Тут кончаются выписки из дневника моего.
Наше скучное, опасное плавание продолжалось уже две недели, но это было только начало наших несчастий. Едва только прошли мы Зунд, как поднялась буря. Матросы выбились из сил, в корабле оказались повреждения, и мы принуждены были искать убежища в одной из природных бухт, образуемых утесистыми берегами Норвегии. Здесь мы были в безопасности от бурь, но могли умереть со скуки, если б не Лунин с его неистощимым запасом остроумия и веселости. Не находя в окружавших его предметах пищи для сарказма, он обращался к своим воспоминаниям и там отыскивал что-нибудь достойное осмеяния. Когда же наступал серьезный стих, тогда начиналась отважная работа мысли, стремившейся к развитию и усовершенствованию понимания. Его образование благодаря разнообразию элементов, вошедших в его состав, было довольно поверхностно; но он дополнял его собственным размышлением. Его философский ум обладал способностью на лету схватывать полувысказанную мысль, с первого взгляда проникать в сущность вещей, понимать настоящий смысл и связь явлений как в природе, так и в жизни общества и, восходя сам собою до коренных начал всего существующего, приводить все в стройный порядок. Он был самостоятельный мыслитель, доходивший большею частию до поразительных по своей смелости выводов. Впрочем, меня они не смущали; напротив, они давали опору моим собственным воззрениям, которые не всегда были согласны с его мнением. Местечко, где нам пришлось
жить, называлось на карте городом, но в действительности в нем было не более десятка невзрачных домиков, построенных на берегу, в уровень с морем. Мы поместились в лучшем из них. Хозяева наши понимали немного по-английски. Люди тут родились, жили и умирали, нисколько не подозревая о существовании других обширных стран. На клочках возделанной земли росли только овощи, но зато на утесах водилось много дичи, а в заливе – устрицы и омары в огромном количестве. Охота и ловля занимали целые дни; кроме того, мы часто катались на лодке; раз даже доехали до Христианстата, старинного города, где в целости сбереглась жизнь прошлого столетия. После Парижа и Петербурга контраст был поразительный! Наконец корабль починили, мы снова пустились в путь и после многих препятствий наконец увидали Гавр при свете заходящего солнца. Я не сумею передать вам того чувства, которое охватило меня в ту минуту, когда корабль остановился в гавани. Сердце замирало; я ничего и никого не видал. Лунин говорил что-то, я не слыхал, что мне говорили. Это бессознательное состояние продолжалось, покуда я не ступил на родную землю, так легкомысленно мною покинутую два года тому назад. Товарищ мой был просто доволен тем, что цель странствия нашего достигнута, но у меня все личные чувства слились в одно чувство любви к отечеству, которое я в первый раз в жизни постиг во всей его полноте. После того как я в России видел только два класса людей – помещиков-землевладельцев и рабов-крестьян, прикрепленных к земле, как отрадно было чувствовать себя гражданином страны, где все пользуются равными правами и способностям каждого открыто свободное поприще! Но я недолго предавался своим чувствам: действительность предъявляла свои права; я опомнился и направился к гостинице с дорожным мешком в руках.
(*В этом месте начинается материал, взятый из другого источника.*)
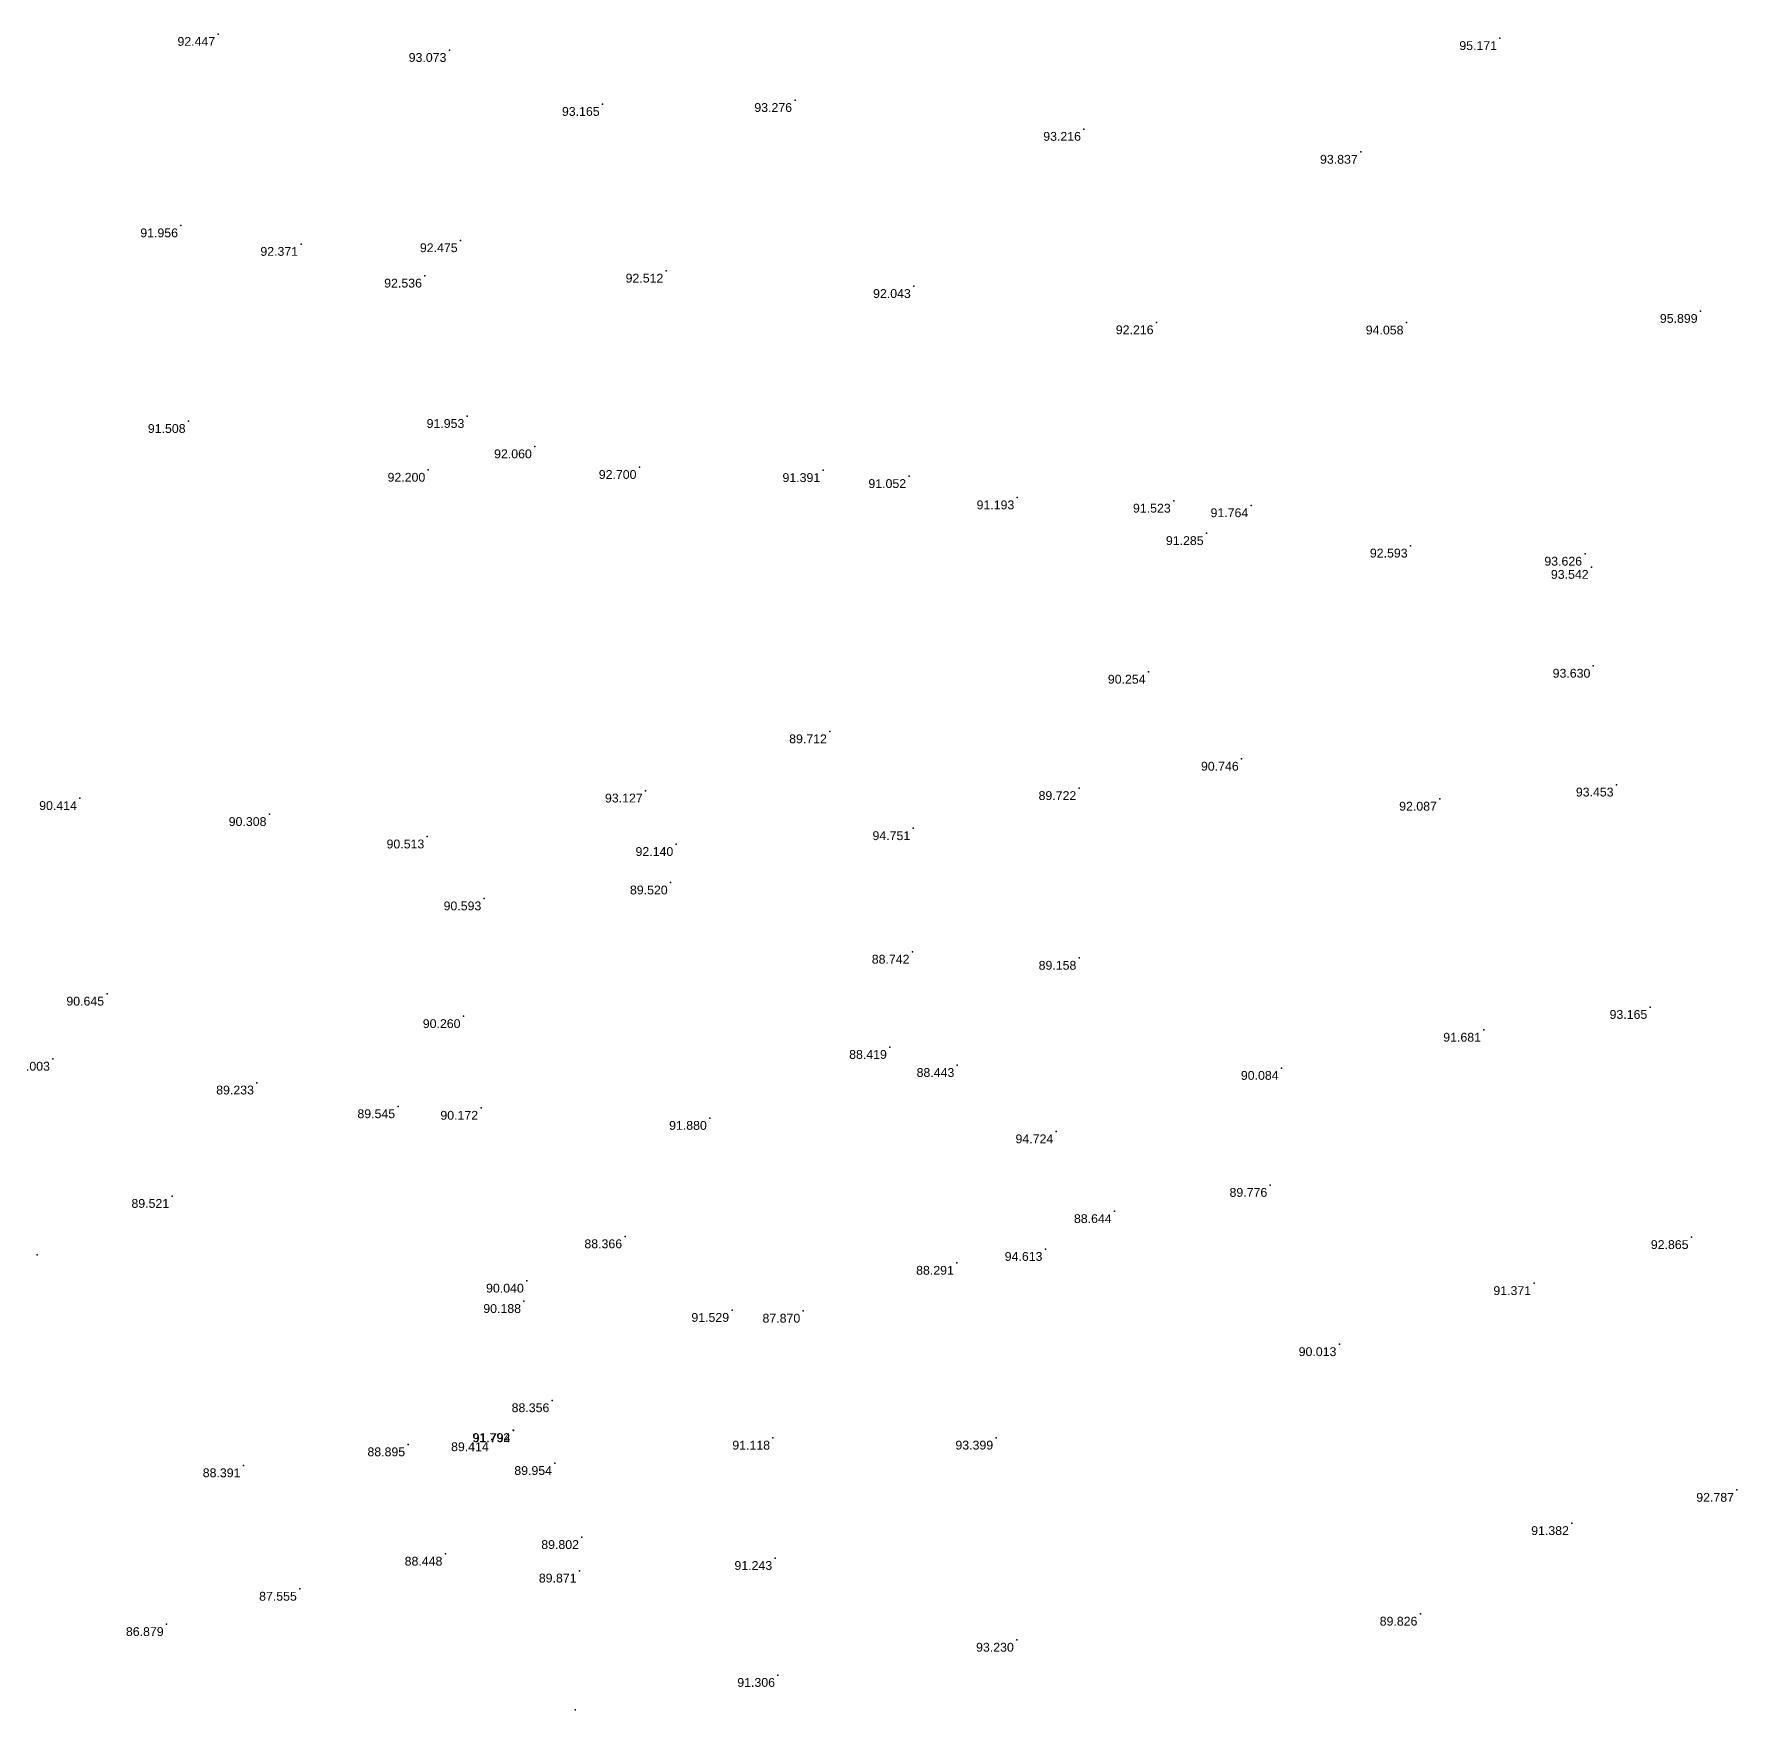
# Model space of a CAD drawing. Header units: millimetres. Extents: x 706139 to 707011, y 753722 to 954403.
# Drawn here: x 706450.9 to 706508.8, y 953899.5 to 953956.4 of the extents above; entities that cross this region are included whole.
import ezdxf
from ezdxf.enums import TextEntityAlignment as Align

# ---------------------------------------------------------------- set-up
doc = ezdxf.new("R2010")
doc.units = ezdxf.units.MM
doc.linetypes.add('SOLID_LINE', pattern=[0])
doc.layers.add('Height', color=7, linetype='Continuous')
doc.styles.get("Standard").update_dxf_attribs({"font": 'arial.ttf'})

msp = doc.modelspace()

# ---------------------------------------------------------------- linework, layer by layer
at = {"color": 0, "linetype": 'SOLID_LINE'}
for p in [(706457.1763, 953956.422, 92.447), (706457.1763, 953956.422, 92.447), (706457.1763, 953956.422, 92.447), (706500.7289, 953956.2794, 95.1708), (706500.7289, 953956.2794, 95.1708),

В ту минуту, как мы входили на лестницу, позвонили к обеду. После стольких дней, проведенных нами без движений в темной дощатой каюте, убранство столовой показалось нам верхом великолепия. Материя заявляла громко свои права, и, таким образом, мы снова начинали жизнь актом питания. Мы так долго кормились солеными тресковыми языками! Выходя из-за стола, мы узнали, что через два часа отправляется дилижанс в Париж. Мы поспешили занять два места и на следующий вечер были уже в Париже.